§ TASK DETAILS
From the line containing "chamfer(chamfer_1_edges, length=CHAMFER_1_SIZE)" down to the line containing "19.85), (-5.137558045, 19.173627652))" in the records below, reproduce every line exactly, ends included, and omit all others.

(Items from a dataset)
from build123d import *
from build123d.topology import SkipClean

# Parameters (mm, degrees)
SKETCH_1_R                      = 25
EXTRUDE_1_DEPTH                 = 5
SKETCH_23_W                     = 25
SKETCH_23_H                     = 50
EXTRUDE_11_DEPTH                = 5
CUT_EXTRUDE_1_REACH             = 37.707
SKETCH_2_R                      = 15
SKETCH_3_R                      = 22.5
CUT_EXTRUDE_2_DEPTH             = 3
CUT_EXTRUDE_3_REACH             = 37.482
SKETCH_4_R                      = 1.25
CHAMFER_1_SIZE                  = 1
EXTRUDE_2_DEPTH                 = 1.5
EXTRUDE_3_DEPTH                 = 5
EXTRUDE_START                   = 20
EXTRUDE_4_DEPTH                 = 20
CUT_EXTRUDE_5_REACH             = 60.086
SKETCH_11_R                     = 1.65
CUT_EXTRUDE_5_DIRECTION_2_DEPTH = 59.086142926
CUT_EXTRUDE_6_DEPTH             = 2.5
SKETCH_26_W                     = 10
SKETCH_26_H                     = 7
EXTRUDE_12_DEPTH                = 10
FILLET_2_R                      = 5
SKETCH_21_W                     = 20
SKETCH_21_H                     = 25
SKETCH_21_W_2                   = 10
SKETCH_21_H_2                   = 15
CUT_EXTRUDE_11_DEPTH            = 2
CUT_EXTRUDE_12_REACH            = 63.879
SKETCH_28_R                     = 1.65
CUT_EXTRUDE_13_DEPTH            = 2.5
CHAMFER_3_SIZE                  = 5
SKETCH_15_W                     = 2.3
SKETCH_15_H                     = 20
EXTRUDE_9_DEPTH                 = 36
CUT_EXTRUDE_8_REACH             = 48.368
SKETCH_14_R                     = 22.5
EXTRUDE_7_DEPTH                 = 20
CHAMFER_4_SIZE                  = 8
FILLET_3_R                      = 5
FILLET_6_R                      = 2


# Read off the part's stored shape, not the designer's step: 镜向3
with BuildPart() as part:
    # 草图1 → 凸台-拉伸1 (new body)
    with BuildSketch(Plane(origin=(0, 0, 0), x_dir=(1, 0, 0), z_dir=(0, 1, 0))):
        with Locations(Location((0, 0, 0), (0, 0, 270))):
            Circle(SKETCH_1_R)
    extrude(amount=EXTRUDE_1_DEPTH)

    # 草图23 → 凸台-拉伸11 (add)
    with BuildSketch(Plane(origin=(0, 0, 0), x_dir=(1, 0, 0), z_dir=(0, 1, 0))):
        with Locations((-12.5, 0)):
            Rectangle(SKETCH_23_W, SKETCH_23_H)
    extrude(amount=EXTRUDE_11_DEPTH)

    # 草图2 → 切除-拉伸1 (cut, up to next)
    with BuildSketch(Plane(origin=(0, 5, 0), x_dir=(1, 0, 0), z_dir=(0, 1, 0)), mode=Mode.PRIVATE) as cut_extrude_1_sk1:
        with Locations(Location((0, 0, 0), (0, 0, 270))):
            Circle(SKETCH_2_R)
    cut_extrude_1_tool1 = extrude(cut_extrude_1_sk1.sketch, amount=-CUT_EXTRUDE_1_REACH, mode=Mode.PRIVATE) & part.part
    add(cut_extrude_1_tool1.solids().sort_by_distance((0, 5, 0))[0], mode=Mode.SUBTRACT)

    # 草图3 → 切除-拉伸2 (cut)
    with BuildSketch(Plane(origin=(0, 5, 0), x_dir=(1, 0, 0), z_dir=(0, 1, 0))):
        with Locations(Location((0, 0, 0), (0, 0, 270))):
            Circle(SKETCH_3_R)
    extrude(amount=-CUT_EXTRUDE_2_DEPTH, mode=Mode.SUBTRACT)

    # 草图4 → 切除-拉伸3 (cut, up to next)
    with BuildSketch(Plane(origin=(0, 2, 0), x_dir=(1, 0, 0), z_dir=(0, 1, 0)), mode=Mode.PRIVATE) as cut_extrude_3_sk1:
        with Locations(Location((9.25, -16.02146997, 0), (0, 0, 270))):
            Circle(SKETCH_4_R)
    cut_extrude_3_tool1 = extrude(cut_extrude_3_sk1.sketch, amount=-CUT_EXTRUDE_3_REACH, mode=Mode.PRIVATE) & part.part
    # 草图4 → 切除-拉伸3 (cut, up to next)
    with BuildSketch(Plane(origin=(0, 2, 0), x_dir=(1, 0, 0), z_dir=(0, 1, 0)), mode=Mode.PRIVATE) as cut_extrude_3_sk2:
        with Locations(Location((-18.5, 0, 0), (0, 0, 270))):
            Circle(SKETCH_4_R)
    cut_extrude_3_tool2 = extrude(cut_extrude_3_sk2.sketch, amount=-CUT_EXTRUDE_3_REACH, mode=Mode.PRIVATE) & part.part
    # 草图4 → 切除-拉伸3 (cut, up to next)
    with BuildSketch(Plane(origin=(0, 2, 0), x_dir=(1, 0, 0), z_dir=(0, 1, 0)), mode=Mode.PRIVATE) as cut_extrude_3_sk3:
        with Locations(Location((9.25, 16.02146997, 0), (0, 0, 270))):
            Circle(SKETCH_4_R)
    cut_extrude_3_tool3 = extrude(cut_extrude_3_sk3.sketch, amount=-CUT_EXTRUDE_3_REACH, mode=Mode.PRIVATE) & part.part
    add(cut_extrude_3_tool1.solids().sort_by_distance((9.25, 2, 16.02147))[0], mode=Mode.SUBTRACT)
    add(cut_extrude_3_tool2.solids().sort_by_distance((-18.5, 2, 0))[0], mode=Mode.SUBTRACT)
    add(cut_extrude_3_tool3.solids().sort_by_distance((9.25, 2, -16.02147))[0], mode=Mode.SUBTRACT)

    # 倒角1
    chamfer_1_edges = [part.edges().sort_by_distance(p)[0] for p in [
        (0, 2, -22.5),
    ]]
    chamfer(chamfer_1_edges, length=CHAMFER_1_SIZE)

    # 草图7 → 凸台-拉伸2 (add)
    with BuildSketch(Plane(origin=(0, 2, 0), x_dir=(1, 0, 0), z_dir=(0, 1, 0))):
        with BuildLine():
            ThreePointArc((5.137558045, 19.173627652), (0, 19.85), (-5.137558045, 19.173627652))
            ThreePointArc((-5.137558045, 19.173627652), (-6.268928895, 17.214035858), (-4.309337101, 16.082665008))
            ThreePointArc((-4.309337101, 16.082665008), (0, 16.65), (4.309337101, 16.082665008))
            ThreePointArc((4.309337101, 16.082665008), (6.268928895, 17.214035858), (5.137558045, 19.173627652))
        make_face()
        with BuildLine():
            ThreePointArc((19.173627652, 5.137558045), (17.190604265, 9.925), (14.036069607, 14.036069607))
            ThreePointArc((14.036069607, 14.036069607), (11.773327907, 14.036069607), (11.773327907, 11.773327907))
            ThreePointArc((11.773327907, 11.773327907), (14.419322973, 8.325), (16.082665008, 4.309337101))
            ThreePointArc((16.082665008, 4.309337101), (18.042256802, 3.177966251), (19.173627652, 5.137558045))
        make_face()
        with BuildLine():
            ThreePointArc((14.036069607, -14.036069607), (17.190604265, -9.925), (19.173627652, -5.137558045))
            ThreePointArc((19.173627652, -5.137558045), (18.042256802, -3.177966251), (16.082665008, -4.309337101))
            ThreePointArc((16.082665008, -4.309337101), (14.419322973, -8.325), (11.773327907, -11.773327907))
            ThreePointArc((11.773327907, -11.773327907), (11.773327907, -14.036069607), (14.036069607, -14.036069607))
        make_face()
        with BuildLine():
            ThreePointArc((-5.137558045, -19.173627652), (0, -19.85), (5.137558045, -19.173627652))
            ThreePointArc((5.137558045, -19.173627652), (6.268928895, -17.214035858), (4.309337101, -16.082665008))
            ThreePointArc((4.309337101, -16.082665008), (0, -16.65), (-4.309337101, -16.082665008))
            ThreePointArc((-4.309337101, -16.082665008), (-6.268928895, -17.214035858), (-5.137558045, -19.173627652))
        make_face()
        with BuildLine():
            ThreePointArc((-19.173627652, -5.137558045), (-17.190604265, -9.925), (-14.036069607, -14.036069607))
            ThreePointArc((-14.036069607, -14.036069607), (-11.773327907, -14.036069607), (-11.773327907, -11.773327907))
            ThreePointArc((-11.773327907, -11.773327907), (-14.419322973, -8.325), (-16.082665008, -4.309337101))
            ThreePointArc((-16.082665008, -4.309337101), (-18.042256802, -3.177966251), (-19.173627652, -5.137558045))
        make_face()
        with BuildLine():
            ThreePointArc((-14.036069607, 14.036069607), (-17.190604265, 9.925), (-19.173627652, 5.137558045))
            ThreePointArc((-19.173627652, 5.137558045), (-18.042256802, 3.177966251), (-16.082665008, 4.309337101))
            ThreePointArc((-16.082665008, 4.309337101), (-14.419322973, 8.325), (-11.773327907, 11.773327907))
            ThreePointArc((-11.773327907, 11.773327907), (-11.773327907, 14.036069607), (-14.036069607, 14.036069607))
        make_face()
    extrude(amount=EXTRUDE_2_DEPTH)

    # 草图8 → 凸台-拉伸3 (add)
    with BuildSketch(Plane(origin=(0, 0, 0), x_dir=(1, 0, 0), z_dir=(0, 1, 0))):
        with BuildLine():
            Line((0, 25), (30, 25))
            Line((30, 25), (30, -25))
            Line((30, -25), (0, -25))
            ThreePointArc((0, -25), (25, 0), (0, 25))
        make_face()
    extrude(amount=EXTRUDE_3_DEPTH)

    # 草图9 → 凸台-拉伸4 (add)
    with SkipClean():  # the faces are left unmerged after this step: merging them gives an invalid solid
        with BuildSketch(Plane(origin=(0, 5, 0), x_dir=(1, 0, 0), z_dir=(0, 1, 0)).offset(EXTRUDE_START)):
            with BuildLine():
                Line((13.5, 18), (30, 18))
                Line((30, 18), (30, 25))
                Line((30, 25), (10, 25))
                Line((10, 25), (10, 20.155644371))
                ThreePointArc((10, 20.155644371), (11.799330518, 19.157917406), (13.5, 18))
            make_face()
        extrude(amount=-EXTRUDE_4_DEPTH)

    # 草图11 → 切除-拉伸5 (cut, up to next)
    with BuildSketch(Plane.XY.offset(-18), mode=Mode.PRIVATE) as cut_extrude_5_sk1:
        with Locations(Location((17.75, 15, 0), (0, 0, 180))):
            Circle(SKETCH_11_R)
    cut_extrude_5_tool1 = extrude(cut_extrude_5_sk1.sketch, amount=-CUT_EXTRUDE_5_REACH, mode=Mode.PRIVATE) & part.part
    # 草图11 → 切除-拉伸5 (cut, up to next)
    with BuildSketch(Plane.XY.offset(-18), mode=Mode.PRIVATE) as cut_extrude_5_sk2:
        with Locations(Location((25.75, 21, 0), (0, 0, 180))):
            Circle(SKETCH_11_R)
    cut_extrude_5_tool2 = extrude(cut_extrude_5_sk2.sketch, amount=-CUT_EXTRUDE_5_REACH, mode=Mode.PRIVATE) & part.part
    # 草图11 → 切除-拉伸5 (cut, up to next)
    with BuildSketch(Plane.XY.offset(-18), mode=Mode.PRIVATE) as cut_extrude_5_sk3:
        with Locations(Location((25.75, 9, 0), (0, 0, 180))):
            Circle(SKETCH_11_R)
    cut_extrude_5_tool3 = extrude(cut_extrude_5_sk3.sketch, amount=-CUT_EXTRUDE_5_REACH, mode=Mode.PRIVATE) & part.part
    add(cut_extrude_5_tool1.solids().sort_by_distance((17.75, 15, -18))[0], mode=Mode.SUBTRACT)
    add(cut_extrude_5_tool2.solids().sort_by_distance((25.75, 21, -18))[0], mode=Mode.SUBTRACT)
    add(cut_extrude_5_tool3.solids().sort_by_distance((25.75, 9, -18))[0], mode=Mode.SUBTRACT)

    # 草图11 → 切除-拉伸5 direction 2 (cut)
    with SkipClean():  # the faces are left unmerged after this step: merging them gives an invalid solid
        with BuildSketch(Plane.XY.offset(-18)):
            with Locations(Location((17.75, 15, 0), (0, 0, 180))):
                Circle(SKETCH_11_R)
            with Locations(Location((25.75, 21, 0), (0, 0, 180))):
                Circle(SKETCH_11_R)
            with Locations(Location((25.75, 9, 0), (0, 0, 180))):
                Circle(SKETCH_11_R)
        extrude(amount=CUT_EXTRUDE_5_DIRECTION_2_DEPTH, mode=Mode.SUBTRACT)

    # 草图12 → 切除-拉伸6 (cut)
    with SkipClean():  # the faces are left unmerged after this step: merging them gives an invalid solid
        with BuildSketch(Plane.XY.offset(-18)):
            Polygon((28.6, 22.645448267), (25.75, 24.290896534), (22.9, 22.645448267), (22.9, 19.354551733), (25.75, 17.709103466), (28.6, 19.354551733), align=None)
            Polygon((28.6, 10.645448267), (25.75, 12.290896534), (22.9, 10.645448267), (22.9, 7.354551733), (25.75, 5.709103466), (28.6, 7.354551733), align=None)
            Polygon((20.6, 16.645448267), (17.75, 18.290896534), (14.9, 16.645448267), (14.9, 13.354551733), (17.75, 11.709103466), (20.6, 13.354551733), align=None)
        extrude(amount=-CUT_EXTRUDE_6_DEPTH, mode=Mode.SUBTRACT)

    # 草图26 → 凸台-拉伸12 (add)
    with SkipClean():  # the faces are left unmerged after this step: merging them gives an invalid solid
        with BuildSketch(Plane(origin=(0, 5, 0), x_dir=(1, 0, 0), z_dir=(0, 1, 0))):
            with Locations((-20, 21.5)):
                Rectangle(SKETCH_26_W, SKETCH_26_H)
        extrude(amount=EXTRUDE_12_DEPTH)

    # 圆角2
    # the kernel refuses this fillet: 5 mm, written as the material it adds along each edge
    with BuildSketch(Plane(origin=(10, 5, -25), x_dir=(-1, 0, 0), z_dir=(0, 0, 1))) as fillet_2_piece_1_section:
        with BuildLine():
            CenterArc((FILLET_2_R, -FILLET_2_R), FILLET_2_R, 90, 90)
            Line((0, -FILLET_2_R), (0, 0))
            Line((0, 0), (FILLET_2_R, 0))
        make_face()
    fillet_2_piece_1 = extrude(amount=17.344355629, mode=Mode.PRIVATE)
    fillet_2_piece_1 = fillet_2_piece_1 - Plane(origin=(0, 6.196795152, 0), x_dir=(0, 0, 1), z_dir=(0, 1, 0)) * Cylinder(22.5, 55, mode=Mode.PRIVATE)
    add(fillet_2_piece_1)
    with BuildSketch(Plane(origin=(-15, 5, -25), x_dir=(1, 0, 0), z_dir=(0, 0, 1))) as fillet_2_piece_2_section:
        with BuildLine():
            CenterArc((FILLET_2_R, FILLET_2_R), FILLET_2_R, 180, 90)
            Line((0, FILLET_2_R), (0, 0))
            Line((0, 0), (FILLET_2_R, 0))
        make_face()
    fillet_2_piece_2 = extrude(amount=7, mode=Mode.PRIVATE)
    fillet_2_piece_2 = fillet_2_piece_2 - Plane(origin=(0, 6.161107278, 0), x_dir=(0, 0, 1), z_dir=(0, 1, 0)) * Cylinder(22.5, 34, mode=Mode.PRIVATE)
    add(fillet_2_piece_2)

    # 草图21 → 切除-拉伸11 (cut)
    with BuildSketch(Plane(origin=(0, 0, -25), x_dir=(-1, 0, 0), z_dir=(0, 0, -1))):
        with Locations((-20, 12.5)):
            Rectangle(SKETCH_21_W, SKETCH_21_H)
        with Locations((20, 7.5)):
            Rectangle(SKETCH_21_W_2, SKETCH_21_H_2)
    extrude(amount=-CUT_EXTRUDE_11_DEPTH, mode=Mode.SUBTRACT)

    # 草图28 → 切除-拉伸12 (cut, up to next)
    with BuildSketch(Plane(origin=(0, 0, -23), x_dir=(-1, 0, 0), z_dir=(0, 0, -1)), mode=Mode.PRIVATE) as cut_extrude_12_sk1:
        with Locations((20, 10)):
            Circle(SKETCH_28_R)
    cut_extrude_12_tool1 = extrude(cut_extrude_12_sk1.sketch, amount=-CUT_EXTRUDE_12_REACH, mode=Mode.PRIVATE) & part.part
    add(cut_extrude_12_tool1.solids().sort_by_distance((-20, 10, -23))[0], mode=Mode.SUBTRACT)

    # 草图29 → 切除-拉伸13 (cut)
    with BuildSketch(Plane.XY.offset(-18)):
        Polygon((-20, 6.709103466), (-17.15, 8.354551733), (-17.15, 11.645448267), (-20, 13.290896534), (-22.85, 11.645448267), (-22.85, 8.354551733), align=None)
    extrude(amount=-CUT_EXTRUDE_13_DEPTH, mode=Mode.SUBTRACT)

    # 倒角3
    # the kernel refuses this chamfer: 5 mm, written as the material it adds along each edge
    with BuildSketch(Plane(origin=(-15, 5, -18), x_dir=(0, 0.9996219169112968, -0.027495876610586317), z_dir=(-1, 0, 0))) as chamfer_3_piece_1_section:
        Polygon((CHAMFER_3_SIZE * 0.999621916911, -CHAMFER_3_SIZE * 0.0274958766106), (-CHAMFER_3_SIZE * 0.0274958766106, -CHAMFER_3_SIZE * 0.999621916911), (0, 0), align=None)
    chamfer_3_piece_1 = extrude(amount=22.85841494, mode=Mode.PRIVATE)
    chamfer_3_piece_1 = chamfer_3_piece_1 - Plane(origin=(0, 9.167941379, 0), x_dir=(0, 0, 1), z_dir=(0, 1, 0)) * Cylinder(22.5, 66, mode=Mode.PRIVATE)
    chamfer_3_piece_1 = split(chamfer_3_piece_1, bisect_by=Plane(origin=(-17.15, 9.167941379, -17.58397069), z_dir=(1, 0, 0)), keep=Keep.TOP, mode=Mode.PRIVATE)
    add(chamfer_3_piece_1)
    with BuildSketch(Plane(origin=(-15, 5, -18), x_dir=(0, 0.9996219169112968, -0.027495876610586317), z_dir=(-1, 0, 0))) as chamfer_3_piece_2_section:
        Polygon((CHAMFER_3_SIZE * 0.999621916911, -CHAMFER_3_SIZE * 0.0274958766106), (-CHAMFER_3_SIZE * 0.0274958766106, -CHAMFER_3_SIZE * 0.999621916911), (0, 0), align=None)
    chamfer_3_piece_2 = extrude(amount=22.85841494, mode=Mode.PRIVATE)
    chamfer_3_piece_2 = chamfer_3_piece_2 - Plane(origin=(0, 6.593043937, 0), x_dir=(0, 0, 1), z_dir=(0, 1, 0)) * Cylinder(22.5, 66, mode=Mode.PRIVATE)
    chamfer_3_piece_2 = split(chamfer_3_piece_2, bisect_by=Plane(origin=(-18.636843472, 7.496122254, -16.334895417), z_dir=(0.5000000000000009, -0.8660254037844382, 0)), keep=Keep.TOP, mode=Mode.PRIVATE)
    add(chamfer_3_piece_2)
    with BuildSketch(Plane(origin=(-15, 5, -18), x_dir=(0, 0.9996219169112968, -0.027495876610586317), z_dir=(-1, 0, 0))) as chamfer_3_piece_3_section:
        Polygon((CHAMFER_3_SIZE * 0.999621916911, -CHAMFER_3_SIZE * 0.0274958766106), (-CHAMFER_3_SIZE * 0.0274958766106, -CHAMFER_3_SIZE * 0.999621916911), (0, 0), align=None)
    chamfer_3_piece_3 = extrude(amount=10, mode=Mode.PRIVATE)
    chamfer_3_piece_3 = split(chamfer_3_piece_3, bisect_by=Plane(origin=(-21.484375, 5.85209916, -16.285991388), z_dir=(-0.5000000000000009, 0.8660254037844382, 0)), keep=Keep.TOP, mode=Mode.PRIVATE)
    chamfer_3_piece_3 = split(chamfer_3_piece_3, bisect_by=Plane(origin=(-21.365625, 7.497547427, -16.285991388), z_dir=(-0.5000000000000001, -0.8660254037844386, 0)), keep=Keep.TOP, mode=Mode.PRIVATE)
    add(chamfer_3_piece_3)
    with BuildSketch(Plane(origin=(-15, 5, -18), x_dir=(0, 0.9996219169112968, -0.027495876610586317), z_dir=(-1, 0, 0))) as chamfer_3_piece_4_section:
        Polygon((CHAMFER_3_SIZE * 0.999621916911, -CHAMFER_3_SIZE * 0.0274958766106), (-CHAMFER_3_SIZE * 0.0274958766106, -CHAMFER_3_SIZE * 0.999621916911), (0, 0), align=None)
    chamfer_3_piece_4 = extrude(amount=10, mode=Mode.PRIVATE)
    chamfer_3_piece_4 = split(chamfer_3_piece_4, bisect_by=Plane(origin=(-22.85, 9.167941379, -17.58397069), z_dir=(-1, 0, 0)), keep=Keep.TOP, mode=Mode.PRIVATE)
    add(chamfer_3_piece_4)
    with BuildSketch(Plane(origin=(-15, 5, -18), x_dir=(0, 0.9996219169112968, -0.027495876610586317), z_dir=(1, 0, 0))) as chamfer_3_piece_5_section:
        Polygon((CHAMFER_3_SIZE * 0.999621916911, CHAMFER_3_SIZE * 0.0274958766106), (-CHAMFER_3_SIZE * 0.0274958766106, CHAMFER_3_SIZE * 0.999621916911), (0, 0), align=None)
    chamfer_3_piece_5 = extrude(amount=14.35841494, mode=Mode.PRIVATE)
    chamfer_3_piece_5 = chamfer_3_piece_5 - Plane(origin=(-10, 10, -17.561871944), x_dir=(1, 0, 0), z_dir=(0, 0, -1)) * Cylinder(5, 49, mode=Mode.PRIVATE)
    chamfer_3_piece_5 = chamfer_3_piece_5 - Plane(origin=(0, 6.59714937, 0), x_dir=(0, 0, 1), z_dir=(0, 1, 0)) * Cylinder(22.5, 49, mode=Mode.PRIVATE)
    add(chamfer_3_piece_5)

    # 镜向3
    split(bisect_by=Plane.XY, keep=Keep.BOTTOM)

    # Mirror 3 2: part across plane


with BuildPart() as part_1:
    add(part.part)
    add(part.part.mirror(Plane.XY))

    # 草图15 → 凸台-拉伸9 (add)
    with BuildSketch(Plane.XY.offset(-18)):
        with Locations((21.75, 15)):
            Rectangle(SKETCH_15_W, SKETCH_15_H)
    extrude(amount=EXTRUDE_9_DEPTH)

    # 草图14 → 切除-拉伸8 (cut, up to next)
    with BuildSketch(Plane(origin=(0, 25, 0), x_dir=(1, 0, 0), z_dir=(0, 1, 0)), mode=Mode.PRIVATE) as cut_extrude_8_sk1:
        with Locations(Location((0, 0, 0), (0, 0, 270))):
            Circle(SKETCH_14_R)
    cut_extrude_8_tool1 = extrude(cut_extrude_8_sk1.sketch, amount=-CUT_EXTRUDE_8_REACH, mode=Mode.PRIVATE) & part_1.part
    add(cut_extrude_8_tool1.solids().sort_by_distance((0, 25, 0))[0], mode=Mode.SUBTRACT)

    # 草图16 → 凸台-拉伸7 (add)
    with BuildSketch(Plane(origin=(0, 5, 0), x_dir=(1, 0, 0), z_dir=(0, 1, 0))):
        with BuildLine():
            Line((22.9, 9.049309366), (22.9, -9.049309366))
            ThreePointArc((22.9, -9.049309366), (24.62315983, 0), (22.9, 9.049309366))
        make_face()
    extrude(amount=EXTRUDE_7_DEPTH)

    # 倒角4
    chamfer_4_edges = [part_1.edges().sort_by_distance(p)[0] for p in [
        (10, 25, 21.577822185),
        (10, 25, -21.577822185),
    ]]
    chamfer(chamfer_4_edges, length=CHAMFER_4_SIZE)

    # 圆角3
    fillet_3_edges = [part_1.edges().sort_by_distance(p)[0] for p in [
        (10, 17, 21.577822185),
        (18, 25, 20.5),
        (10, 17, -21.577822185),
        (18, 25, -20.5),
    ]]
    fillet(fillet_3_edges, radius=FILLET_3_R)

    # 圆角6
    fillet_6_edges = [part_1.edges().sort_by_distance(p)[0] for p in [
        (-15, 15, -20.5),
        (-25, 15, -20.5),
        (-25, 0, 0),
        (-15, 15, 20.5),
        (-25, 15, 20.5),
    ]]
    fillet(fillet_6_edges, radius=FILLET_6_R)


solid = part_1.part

§ WORKED SOLUTION
    chamfer(chamfer_1_edges, length=CHAMFER_1_SIZE)

    # 草图7 → 凸台-拉伸2 (add)
    with BuildSketch(Plane(origin=(0, 2, 0), x_dir=(1, 0, 0), z_dir=(0, 1, 0))):
        with BuildLine():
            ThreePointArc((5.137558045, 19.173627652), (0, 19.85), (-5.137558045, 19.173627652))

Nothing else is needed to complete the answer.